= Cross and Crown =

Christian symbol

Cross and Crown

Crowned cross

USVA Headstone Emblem 47

The Cross and Crown (a cross passing through a crown) is a Christian symbol used by various Christian denominations. It has also been used in heraldry. The emblem is often interpreted as symbolizing the reward in heaven (the crown) coming after the trials in this life (the cross) (James 1:12).

==Uses and background==
In addition to Roman Catholic and Orthodox Christian uses, the symbol also appears in the seal of the Church of Christ, Scientist, where it is surrounded by the words "Heal the Sick, Cleanse the Lepers, Raise the Dead, Cast Out Demons", from the Gospel of Matthew, 10:8.

The symbol is also associated with Freemasonry, specifically the Knight Templar degree of the York Rite of Freemasonry. The symbol is also known as "Knight Templars Blood-Red Passion Cross and Crown". The cross and crown symbol is often surrounded by the phrase "In Hoc Signo Vinces", which is Latin for "By this sign thou shalt conquer". This is a reference to the story of Constantine, who reportedly had a vision of a Chi Rho symbol, and a voice saying "By this sign thou shalt conquer".

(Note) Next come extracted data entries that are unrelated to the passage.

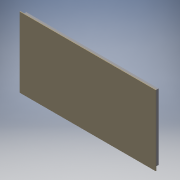
# Autodesk Inventor part: gatorboard_01875in_front_door
Saved by Autodesk Inventor 2019 (Build 230136000, 136)
## iProperties
Created: 2019-03-10
Part Number: gatorboard_01875in_front_door
Material: Generic
Document SubType Name: Modeling
Designer: Wilson Lab
Density: 1 g/cm^3
Appearance: Default
Author: Wilson Lab
Autodesk Inventor part; units mm, degrees
ref_plane "YZ Plane" through (0, 0, 0) normal (1, 0, 0) x (0, 1, 0)
ref_plane "XZ Plane" through (0, 0, 0) normal (0, 1, 0) x (-1, 0, 0)
ref_plane "XY Plane" through (0, 0, 0) normal (0, 0, 1) x (1, 0, 0)
sketch "Sketch1" plane through (0, 0, 0) normal (0, 0, 1) x (1, 0, 0)
  line L0 (0, 0) -> (861.06, 0)
  line L1 (861.06, 0) -> (861.06, 444.5)
  line L2 (861.06, 444.5) -> (0, 444.5)
  line L3 (0, 444.5) -> (0, 0)
  dimension "d2" = 861.06
  dimension "d3" = 444.5
  constraints: 8 end point, 2 parallel, 1 coincident, 1 horizontal, 1 perpendicular
  measures "d2" distance of L1.end L2.end
  measures "d3" distance of L0.end L1.end
extrude "Extrusion1" add sketch "Sketch1" along normal blind 4.7625
sketch "Sketch2" plane through (0, 0, 0) normal (0, 0, -1) x (-1, 0, 0)
  line L0 (-11.43, 13.2197) -> (-11.43, 470.4197) projected
  line L1 (-849.63, 432.3197) -> (-11.43, 432.3197) projected
  line L2 (-887.73, 13.2197) -> (26.67, 13.2197) projected
  line L3 (-849.63, 470.4197) -> (-849.63, 13.2197) projected
  line L4 (-849.63, 13.2197) -> (-11.43, 13.2197)
  line L5 (-11.43, 13.2197) -> (-11.43, 432.3197)
  line L6 (-11.43, 432.3197) -> (-849.63, 432.3197)
  line L7 (-849.63, 432.3197) -> (-849.63, 13.2197)
  point P0 (0, 0)
  constraints: 8 end point, 2 parallel, 1 horizontal, 1 perpendicular
extrude "Extrusion2" add sketch "Sketch2" along normal blind 25.4
body "Solid1"

The symbol was used particularly by the Bible Student movement. The symbol was also featured in the early publications and memorabilia of the International Bible Students Association. First appearing on the cover of the January 1881 issue of Zion's Watch Tower, the cross and crown were surrounded by a wreath of laurel leaves, and the symbol was also used on lapel pins, buttons (metal and celluloid) and pendants of various designs. However, not all of its uses by the I.B.S.A. included the wreath of laurel leaves. Although Charles Taze Russell's gravesite is marked by a pyramid memorial erected by the Watch Tower Bible and Tract Society with an illustration of the Cross and Crown symbol, the Watchtower Society later discontinued using the cross and crown some years after, viewing it as a "pagan symbol" – their doctrine for some time since is that Jesus was executed not on a cross but on an upright stake.

The Cross and Crown symbol is also the key emblem of the Royal Black Institution (a sister organisation of the Orange Order), a Protestant fraternity, with structural and symbolic similarities to Freemasonry.

The Cross and Crown symbol was also used by the Rexist Party.

The Cross and Crown symbol also appears on the cover of the 1998 book, The Power of the Cross, by Tim Lahaye.

Lutheran composer J.S. Bach's cantata Weinen, Klagen, Sorgen, Zagen, BWV 12 (1714) contains an aria "Kreuz und Krone sind verbunden, Kampf und Kleinod sind vereint" ("cross and crown are bound together, conflict and jewel are united") which has been connected with Luther's rendering of 1 Corinthians 9:24-25.